(Extracted records)
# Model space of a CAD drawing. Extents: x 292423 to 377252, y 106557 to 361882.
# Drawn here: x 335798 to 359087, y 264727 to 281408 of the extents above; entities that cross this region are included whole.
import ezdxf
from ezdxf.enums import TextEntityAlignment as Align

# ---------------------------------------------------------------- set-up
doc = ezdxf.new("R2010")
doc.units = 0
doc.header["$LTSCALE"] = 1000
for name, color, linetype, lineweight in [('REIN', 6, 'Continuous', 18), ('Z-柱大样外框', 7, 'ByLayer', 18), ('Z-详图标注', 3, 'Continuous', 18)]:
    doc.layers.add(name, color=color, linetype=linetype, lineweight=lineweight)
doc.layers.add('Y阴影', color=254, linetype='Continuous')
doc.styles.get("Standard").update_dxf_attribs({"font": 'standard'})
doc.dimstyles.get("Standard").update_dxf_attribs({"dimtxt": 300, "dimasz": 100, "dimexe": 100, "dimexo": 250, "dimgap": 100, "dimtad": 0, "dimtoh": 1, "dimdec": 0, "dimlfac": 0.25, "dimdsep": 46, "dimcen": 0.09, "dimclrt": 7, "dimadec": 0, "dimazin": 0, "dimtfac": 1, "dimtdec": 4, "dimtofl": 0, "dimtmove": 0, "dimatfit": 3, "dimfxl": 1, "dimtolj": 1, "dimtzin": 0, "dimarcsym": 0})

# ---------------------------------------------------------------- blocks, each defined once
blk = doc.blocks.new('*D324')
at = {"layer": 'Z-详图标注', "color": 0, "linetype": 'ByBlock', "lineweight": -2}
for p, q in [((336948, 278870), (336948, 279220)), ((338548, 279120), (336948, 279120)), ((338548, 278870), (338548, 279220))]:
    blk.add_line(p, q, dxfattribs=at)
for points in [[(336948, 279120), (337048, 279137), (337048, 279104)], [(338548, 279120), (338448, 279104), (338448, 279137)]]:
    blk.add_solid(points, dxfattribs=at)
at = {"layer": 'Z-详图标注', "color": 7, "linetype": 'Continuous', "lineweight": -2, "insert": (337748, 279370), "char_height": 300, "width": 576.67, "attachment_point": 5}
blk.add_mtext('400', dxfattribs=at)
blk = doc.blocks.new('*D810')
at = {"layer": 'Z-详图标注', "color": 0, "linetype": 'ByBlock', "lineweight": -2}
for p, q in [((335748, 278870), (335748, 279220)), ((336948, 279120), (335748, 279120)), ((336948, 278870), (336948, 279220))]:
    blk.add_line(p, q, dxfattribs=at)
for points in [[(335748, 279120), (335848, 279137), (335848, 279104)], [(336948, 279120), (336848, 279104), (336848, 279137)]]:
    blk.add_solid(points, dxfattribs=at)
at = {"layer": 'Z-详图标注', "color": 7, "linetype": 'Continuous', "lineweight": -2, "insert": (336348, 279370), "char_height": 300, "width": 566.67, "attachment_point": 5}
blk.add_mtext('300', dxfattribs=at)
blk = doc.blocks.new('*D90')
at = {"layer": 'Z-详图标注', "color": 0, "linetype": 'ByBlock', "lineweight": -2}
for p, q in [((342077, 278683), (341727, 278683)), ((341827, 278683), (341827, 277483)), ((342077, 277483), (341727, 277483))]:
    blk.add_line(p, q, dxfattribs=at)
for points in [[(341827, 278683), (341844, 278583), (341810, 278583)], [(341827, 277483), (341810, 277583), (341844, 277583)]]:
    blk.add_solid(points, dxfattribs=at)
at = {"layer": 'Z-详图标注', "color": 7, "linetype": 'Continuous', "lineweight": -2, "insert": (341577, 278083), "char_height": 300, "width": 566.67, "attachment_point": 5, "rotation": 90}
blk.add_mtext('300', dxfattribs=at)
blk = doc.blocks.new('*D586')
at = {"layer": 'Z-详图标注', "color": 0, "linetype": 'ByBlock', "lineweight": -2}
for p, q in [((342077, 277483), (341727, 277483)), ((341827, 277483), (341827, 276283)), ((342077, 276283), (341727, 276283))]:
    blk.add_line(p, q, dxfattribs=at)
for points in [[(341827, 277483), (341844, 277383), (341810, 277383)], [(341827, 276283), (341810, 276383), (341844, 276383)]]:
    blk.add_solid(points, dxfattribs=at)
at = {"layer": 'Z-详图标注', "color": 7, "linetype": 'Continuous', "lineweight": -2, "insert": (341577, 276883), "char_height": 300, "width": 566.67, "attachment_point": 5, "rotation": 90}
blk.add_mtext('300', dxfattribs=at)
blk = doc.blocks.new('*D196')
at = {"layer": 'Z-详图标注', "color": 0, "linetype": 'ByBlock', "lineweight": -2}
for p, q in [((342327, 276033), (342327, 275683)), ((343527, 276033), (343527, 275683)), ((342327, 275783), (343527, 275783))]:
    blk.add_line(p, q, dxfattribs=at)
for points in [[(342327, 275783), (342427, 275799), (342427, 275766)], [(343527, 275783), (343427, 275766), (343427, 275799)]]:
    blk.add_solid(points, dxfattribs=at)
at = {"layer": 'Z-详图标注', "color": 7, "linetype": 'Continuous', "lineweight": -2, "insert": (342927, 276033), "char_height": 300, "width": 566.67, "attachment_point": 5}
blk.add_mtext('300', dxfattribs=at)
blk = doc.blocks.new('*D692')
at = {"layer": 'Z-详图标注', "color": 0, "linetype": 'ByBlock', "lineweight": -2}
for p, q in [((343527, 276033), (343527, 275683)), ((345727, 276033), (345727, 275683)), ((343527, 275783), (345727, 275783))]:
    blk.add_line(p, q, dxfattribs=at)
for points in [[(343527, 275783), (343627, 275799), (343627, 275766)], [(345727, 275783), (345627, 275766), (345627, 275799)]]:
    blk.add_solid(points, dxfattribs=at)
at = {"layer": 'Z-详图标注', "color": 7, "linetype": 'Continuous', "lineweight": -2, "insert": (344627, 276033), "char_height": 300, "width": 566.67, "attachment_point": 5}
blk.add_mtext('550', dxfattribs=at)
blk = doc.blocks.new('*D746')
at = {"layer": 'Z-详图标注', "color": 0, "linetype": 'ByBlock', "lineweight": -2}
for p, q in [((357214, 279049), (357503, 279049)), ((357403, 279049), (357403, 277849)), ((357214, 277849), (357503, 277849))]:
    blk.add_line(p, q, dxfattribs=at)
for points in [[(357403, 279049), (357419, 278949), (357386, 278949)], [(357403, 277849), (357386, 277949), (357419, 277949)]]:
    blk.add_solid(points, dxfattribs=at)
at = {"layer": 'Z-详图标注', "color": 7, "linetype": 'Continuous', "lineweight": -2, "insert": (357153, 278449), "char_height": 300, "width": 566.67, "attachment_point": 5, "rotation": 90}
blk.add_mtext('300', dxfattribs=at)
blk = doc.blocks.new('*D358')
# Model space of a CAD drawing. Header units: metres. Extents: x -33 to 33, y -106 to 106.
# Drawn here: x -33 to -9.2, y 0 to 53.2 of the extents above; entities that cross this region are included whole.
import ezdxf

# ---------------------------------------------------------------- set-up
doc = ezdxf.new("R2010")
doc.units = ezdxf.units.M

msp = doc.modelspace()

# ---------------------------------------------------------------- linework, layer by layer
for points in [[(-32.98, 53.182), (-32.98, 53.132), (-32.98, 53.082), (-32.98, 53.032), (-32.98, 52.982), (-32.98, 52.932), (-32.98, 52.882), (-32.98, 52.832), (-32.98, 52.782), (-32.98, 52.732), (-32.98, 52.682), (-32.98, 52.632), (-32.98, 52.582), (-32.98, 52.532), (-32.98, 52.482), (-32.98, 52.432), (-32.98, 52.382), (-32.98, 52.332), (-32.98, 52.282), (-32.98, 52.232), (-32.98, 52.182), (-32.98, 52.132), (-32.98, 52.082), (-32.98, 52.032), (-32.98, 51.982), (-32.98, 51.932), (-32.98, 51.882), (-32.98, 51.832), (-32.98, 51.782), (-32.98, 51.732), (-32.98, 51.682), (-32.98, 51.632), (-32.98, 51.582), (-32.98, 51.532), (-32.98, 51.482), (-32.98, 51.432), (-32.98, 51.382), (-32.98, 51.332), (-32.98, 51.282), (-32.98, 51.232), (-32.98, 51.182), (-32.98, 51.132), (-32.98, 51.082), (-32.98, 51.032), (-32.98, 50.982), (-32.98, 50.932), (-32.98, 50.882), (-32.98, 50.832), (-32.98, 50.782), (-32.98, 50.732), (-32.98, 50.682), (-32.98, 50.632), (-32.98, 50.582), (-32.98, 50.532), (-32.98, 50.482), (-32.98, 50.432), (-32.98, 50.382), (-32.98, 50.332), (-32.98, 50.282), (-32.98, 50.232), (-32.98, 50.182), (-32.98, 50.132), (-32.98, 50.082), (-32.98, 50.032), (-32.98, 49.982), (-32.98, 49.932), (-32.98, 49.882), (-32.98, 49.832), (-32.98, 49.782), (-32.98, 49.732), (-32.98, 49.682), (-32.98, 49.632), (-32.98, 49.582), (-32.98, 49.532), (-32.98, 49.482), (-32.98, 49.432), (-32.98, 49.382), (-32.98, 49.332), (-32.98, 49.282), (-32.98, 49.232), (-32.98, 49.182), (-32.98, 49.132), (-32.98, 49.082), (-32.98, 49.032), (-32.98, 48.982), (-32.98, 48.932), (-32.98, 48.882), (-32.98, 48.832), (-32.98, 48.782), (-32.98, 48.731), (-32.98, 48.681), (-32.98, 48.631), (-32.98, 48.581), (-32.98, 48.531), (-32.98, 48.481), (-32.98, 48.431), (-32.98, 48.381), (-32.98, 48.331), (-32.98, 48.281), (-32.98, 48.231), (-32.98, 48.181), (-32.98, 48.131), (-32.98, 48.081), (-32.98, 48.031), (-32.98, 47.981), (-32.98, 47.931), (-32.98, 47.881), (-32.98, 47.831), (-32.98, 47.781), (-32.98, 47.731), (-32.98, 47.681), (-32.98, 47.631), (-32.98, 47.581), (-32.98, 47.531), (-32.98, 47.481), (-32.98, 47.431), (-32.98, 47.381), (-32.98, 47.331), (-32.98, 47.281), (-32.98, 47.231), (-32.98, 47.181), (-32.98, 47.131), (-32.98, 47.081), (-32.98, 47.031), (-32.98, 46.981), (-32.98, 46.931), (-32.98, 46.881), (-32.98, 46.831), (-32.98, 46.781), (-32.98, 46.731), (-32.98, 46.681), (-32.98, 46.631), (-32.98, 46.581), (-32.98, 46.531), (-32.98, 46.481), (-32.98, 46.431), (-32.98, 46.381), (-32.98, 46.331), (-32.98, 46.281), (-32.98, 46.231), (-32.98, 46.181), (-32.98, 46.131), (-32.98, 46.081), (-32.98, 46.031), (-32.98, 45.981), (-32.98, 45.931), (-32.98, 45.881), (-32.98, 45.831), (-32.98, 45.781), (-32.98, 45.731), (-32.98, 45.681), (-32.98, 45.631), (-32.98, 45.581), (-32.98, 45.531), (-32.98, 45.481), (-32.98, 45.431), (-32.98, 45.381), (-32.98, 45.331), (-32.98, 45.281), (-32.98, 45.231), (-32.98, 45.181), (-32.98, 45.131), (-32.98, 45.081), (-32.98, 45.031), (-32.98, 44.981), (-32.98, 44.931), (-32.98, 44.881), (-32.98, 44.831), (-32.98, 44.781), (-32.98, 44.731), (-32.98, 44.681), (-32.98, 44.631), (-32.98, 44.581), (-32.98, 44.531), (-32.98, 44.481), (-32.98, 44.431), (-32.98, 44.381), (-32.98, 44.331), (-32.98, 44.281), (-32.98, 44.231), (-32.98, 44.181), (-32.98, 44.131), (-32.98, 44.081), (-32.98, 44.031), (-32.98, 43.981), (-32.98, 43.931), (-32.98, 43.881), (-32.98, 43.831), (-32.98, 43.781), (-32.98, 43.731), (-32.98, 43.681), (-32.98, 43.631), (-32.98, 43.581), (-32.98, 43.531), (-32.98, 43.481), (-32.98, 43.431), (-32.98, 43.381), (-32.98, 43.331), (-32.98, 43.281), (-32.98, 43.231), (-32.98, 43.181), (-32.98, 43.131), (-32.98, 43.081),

--- Problem ---
Using the data above, reproduce exactly the lines from the line that contains "blk = doc.blocks.new('*D196')" through the line that contains "# Model space of a CAD drawing. Header", including both.

--- Solved exercise ---
blk = doc.blocks.new('*D196')
at = {"layer": 'Z-详图标注', "color": 0, "linetype": 'ByBlock', "lineweight": -2}
for p, q in [((342327, 276033), (342327, 275683)), ((343527, 276033), (343527, 275683)), ((342327, 275783), (343527, 275783))]:
    blk.add_line(p, q, dxfattribs=at)
for points in [[(342327, 275783), (342427, 275799), (342427, 275766)], [(343527, 275783), (343427, 275766), (343427, 275799)]]:
    blk.add_solid(points, dxfattribs=at)
at = {"layer": 'Z-详图标注', "color": 7, "linetype": 'Continuous', "lineweight": -2, "insert": (342927, 276033), "char_height": 300, "width": 566.67, "attachment_point": 5}
blk.add_mtext('300', dxfattribs=at)
blk = doc.blocks.new('*D692')
at = {"layer": 'Z-详图标注', "color": 0, "linetype": 'ByBlock', "lineweight": -2}
for p, q in [((343527, 276033), (343527, 275683)), ((345727, 276033), (345727, 275683)), ((343527, 275783), (345727, 275783))]:
    blk.add_line(p, q, dxfattribs=at)
for points in [[(343527, 275783), (343627, 275799), (343627, 275766)], [(345727, 275783), (345627, 275766), (345627, 275799)]]:
    blk.add_solid(points, dxfattribs=at)
at = {"layer": 'Z-详图标注', "color": 7, "linetype": 'Continuous', "lineweight": -2, "insert": (344627, 276033), "char_height": 300, "width": 566.67, "attachment_point": 5}
blk.add_mtext('550', dxfattribs=at)
blk = doc.blocks.new('*D746')
at = {"layer": 'Z-详图标注', "color": 0, "linetype": 'ByBlock', "lineweight": -2}
for p, q in [((357214, 279049), (357503, 279049)), ((357403, 279049), (357403, 277849)), ((357214, 277849), (357503, 277849))]:
    blk.add_line(p, q, dxfattribs=at)
for points in [[(357403, 279049), (357419, 278949), (357386, 278949)], [(357403, 277849), (357386, 277949), (357419, 277949)]]:
    blk.add_solid(points, dxfattribs=at)
at = {"layer": 'Z-详图标注', "color": 7, "linetype": 'Continuous', "lineweight": -2, "insert": (357153, 278449), "char_height": 300, "width": 566.67, "attachment_point": 5, "rotation": 90}
blk.add_mtext('300', dxfattribs=at)
blk = doc.blocks.new('*D358')
# Model space of a CAD drawing. Header units: metres. Extents: x -33 to 33, y -106 to 106.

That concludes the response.